**Work instructions**
Every line between the one containing "line L1 (-43.7309, -0.056)" and the last line of the data, both included, is to be set down exactly, and pictures are to be omitted.

---- Input

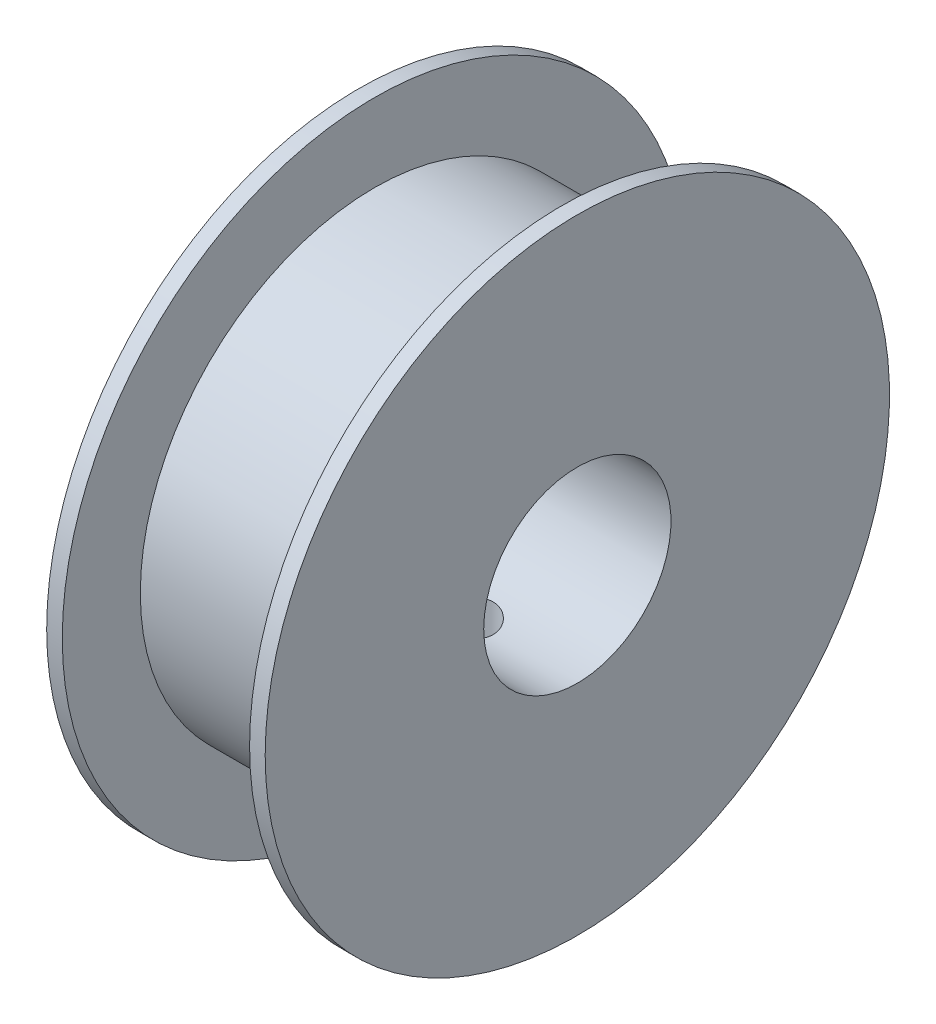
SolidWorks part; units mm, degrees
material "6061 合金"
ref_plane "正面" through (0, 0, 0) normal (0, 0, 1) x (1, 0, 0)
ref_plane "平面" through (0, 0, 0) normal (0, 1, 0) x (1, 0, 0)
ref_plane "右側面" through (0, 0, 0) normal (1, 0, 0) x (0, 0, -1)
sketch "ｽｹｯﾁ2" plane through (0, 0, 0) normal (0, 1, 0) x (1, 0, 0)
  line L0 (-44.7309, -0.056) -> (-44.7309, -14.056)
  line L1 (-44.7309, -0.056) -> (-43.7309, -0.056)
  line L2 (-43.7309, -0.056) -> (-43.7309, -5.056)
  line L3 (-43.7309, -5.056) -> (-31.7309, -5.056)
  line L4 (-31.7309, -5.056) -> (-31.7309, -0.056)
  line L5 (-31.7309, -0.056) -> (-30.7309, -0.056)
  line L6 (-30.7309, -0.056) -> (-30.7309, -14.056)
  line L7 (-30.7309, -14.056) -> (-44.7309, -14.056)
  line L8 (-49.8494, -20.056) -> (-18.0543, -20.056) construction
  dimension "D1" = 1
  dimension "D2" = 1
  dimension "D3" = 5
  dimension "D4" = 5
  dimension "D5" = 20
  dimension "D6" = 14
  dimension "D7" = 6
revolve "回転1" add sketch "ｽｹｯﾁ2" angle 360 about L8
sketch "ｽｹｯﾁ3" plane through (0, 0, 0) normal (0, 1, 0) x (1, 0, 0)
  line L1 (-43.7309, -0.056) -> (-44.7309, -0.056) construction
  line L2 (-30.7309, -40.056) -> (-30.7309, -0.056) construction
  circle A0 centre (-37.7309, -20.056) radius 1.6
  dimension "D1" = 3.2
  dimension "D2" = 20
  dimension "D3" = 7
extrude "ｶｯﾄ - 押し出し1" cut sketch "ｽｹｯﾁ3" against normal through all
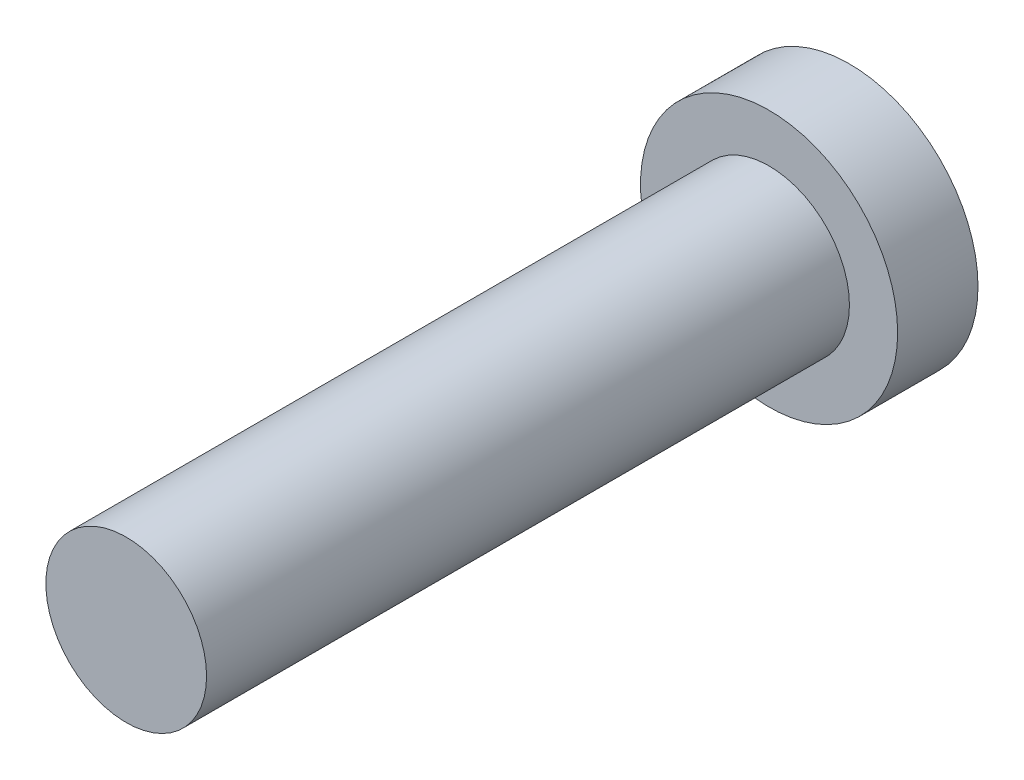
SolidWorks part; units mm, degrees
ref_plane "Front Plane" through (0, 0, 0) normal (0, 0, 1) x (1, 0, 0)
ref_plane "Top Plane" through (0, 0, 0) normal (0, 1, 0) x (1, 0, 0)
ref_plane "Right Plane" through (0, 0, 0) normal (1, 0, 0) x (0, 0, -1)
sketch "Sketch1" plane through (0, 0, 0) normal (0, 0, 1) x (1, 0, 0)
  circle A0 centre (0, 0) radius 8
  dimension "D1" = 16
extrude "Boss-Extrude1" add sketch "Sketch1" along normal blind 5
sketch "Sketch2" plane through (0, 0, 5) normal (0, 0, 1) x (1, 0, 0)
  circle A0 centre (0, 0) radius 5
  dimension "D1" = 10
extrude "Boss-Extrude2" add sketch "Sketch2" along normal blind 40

--------

**Response box**
  line L1 (-43.7309, -0.056) -> (-44.7309, -0.056) construction
  line L2 (-30.7309, -40.056) -> (-30.7309, -0.056) construction
  circle A0 centre (-37.7309, -20.056) radius 1.6
  dimension "D1" = 3.2
  dimension "D2" = 20
  dimension "D3" = 7
extrude "ｶｯﾄ - 押し出し1" cut sketch "ｽｹｯﾁ3" against normal through all
SolidWorks part; units mm, degrees
ref_plane "Front Plane" through (0, 0, 0) normal (0, 0, 1) x (1, 0, 0)
ref_plane "Top Plane" through (0, 0, 0) normal (0, 1, 0) x (1, 0, 0)
ref_plane "Right Plane" through (0, 0, 0) normal (1, 0, 0) x (0, 0, -1)
sketch "Sketch1" plane through (0, 0, 0) normal (0, 0, 1) x (1, 0, 0)
  circle A0 centre (0, 0) radius 8
  dimension "D1" = 16
extrude "Boss-Extrude1" add sketch "Sketch1" along normal blind 5
sketch "Sketch2" plane through (0, 0, 5) normal (0, 0, 1) x (1, 0, 0)
  circle A0 centre (0, 0) radius 5
  dimension "D1" = 10
extrude "Boss-Extrude2" add sketch "Sketch2" along normal blind 40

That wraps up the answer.